Medical Device Alarms from a Systems Integration Perspective
The last of the three photos above defines to me the essence of effectively managing medical device alarms is through the application of systems engineering and systems integration disciplines. First, complete and unfettered integration of data, from medical devices through ancillary information systems (lab, PACS, EMR, etc.) are required. Next, laying out the use cases and scenarios related to the types of problems and conditions a patient can experience needs to be done in a holistic way that ignores vendor and device boundaries. This may involve integrating data, user interfaces, and creating methods that “feed” on the data available from multiple sources and assimilate it to produce integrated outputs. The display mechanisms are important but are secondary at this point: dashboards that allow singular access to information (much akin to avionics design) may be appropriate here. However, more important is the overall integration of information to provide predictive modeling, retrospective trending, and for evaluating scenarios on the fly. This takes a longitudinal look at the patient state in terms of everything about the patient. As Dr. Blum identified, there may be 40 parameters (give or take) that form the basic state of the patient.

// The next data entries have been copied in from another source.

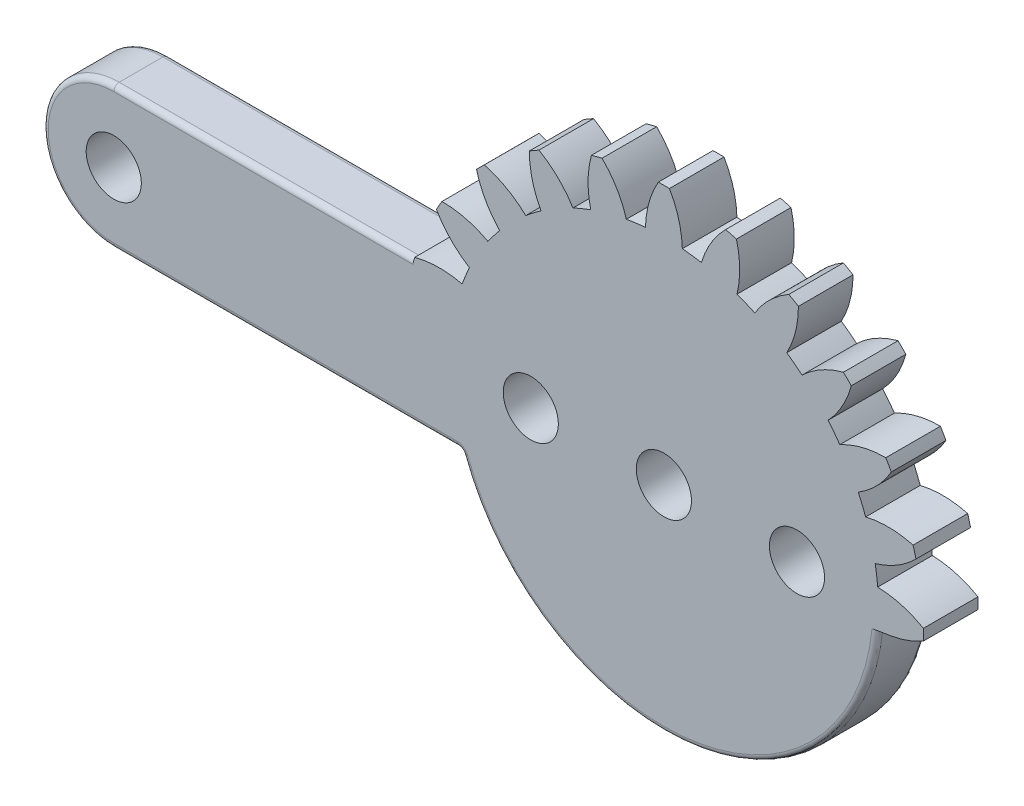
SolidWorks part; units mm, degrees
ref_plane "前视基准面" through (0, 0, 0) normal (0, 0, 1) x (1, 0, 0)
ref_plane "上视基准面" through (0, 0, 0) normal (0, 1, 0) x (1, 0, 0)
ref_plane "右视基准面" through (0, 0, 0) normal (1, 0, 0) x (0, 0, -1)
sketch "草图1" plane through (0, 0, 0) normal (0, 0, 1) x (1, 0, 0)
  line L6 (39.1409, -3.5483) -> (41.5706, -3.148)
  line L7 (-45.7189, 13) -> (-100.75, 13)
  line L8 (-100.75, -13) -> (-37.0891, -13)
  circle A4 centre (24.375, 0) radius 5.05
  circle A5 centre (0, 0) radius 5.05
  circle A6 centre (-24.375, 0) radius 5.05
  circle A7 centre (-100.75, 0) radius 5.05
  arc A96 (-37.0891, -13) -> (39.1409, -3.5483) centre (0, 0) ccw
  arc A97 (41.5706, -3.148) -> (47.5204, -1.0143) centre (38.718, 14.1686) ccw
  arc A98 (47.5204, -1.0143) -> (47.5204, 1.0143) centre (0, 0) ccw
  arc A99 (47.5204, 1.0143) -> (39.1562, 3.3759) centre (38.718, -14.1686) ccw
  arc A100 (39.1562, 3.3759) -> (38.6957, 6.8735) centre (0, 0) ccw
  arc A101 (38.6957, 6.8735) -> (46.1637, 11.3195) centre (33.7316, 23.7068) ccw
  arc A102 (46.1637, 11.3195) -> (45.6387, 13.2789) centre (0, 0) ccw
  arc A103 (45.6387, 13.2789) -> (36.9482, 13.3953) centre (41.0658, -3.6649) ccw
  arc A104 (36.9482, 13.3953) -> (35.5982, 16.6544) centre (0, 0) ccw
  arc A105 (35.5982, 16.6544) -> (41.661, 22.8818) centre (26.4465, 31.6294) ccw
  arc A106 (41.661, 22.8818) -> (40.6468, 24.6386) centre (0, 0) ccw
  arc A107 (40.6468, 24.6386) -> (32.2223, 22.5017) centre (40.6151, 7.0886) ccw
  arc A108 (32.2223, 22.5017) -> (30.0747, 25.3004) centre (0, 0) ccw
  arc A109 (30.0747, 25.3004) -> (34.3192, 32.8848) centre (17.359, 37.3965) ccw
  arc A110 (34.3192, 32.8848) -> (32.8848, 34.3192) centre (0, 0) ccw
  arc A111 (32.8848, 34.3192) -> (25.3004, 30.0747) centre (37.3965, 17.359) ccw
  arc A112 (25.3004, 30.0747) -> (22.5017, 32.2223) centre (0, 0) ccw
  arc A113 (22.5017, 32.2223) -> (24.6386, 40.6468) centre (7.0886, 40.6151) ccw
  arc A114 (24.6386, 40.6468) -> (22.8818, 41.661) centre (0, 0) ccw
  arc A115 (22.8818, 41.661) -> (16.6544, 35.5982) centre (31.6294, 26.4465) ccw
  arc A116 (16.6544, 35.5982) -> (13.3953, 36.9482) centre (0, 0) ccw
  arc A117 (13.3953, 36.9482) -> (13.2789, 45.6387) centre (-3.6649, 41.0658) ccw
  arc A118 (13.2789, 45.6387) -> (11.3195, 46.1637) centre (0, 0) ccw
  arc A119 (11.3195, 46.1637) -> (6.8735, 38.6957) centre (23.7068, 33.7316) ccw
  arc A120 (6.8735, 38.6957) -> (3.3759, 39.1562) centre (0, 0) ccw
  arc A121 (3.3759, 39.1562) -> (1.0143, 47.5204) centre (-14.1686, 38.718) ccw
  arc A122 (1.0143, 47.5204) -> (-1.0143, 47.5204) centre (0, 0) ccw
  arc A123 (-1.0143, 47.5204) -> (-3.3759, 39.1562) centre (14.1686, 38.718) ccw
  arc A124 (-3.3759, 39.1562) -> (-6.8735, 38.6957) centre (0, 0) ccw
  arc A125 (-6.8735, 38.6957) -> (-11.3195, 46.1637) centre (-23.7068, 33.7316) ccw
  arc A126 (-11.3195, 46.1637) -> (-13.2789, 45.6387) centre (0, 0) ccw
  arc A127 (-13.2789, 45.6387) -> (-13.3953, 36.9482) centre (3.6649, 41.0658) ccw
  arc A128 (-13.3953, 36.9482) -> (-16.6544, 35.5982) centre (0, 0) ccw
  arc A129 (-16.6544, 35.5982) -> (-22.8818, 41.661) centre (-31.6294, 26.4465) ccw
  arc A130 (-22.8818, 41.661) -> (-24.6386, 40.6468) centre (0, 0) ccw
  arc A131 (-24.6386, 40.6468) -> (-22.5017, 32.2223) centre (-7.0886, 40.6151) ccw
  arc A132 (-22.5017, 32.2223) -> (-25.3004, 30.0747) centre (0, 0) ccw
  arc A133 (-25.3004, 30.0747) -> (-32.8848, 34.3192) centre (-37.3965, 17.359) ccw
  arc A134 (-32.8848, 34.3192) -> (-34.3192, 32.8848) centre (0, 0) ccw
  arc A135 (-34.3192, 32.8848) -> (-30.0747, 25.3004) centre (-17.359, 37.3965) ccw
  arc A136 (-30.0747, 25.3004) -> (-32.2223, 22.5017) centre (0, 0) ccw
  arc A137 (-32.2223, 22.5017) -> (-40.6468, 24.6386) centre (-40.6151, 7.0886) ccw
  arc A138 (-40.6468, 24.6386) -> (-41.661, 22.8818) centre (0, 0) ccw
  arc A139 (-41.661, 22.8818) -> (-35.5982, 16.6544) centre (-26.4465, 31.6294) ccw
  arc A140 (-35.5982, 16.6544) -> (-36.9482, 13.3953) centre (0, 0) ccw
  arc A141 (-36.9482, 13.3953) -> (-45.6387, 13.2789) centre (-41.0658, -3.6649) ccw
  arc A142 (-45.6387, 13.2789) -> (-45.7189, 13) centre (0, 0) ccw
  arc A143 (-100.75, 13) -> (-100.75, -13) centre (-100.75, 0) ccw
  dimension "D1" = 39.3014
  dimension "D3" = 13
  dimension "D4" = 10.1
  dimension "D5" = 47.5313
  dimension "D6" = 48.75
  dimension "D7" = 24.375
  dimension "D2" = 100.75
extrude "凸台-拉伸1" add sketch "草图1" along normal blind 10
fillet "圆角1" radius 1 9 edges at (-73.2345, 13, 0) (-113.75, 0, 0) (-68.9196, -13, 0) (-73.2345, 13, 10) (-68.9196, -13, 10) (4.8359, -39.0028, 0) (-37.0891, -13, 5) (4.8359, -39.0028, 10) (-113.75, 0, 10)

Medical Device Alarms as a State Space Problem
When I began my career it was in the aerospace field and I focused on state space modeling of complex systems. This state space modeling often involved various forms of filtering, including Kalman and Batch Least Squares filters. The systems integration aspect of this modeling involved evaluating the trend or future state with respect to the current state based upon a system model representation of the entity being modeled. From this model, a projection could be made into the future. As was stated by Dr. Blike and others during the conference, medicine is one field where uncertainty plays a large part, it is perhaps naive to think that one could model the human being in ways that many in the aerospace industry do. However, 20+ years ago when I began my studies at the University of Pennsylvania and began my research into prediction and modeling at the University of Pennsylvania Medical Center, that is precisely what I was doing on a smaller scale with a specific class of patients. The subject of my dissertation was predicting the post-operative respiratory behavior of coronary artery bypass grafting patients, a unique class of patient in surgical intensive care units. Many of the concepts brought up during the Medical Device Alarms Summit resonated with me from the early days of my dissertation. One in particular was the idea of taking multi-source, multi-variate data and massaging into an assessment of outcome. As I did when I conducted my research, multi-source data from laboratory, patient record (history, demographics, etc.) were incorporated into the overall assessment of outcome. I know that as I followed patients from surgery through endotracheal extubation afterwards that I found many interesting relationships once all the data were laid out before me: relationships between re-warming time and patient’s anesthetic dosing; relationships time to begin breathing and time to extubate. The approach took into account the fact that there were uncertainties in the modeling. The objective was to establish a gross, coarse model of behavior by looking at the patient as a “black box.” Higher fidelity warranted more accurate modeling. However, approaching the patient as a system and taking into account all information is one approach I believe is the key to effective medical device alarms management.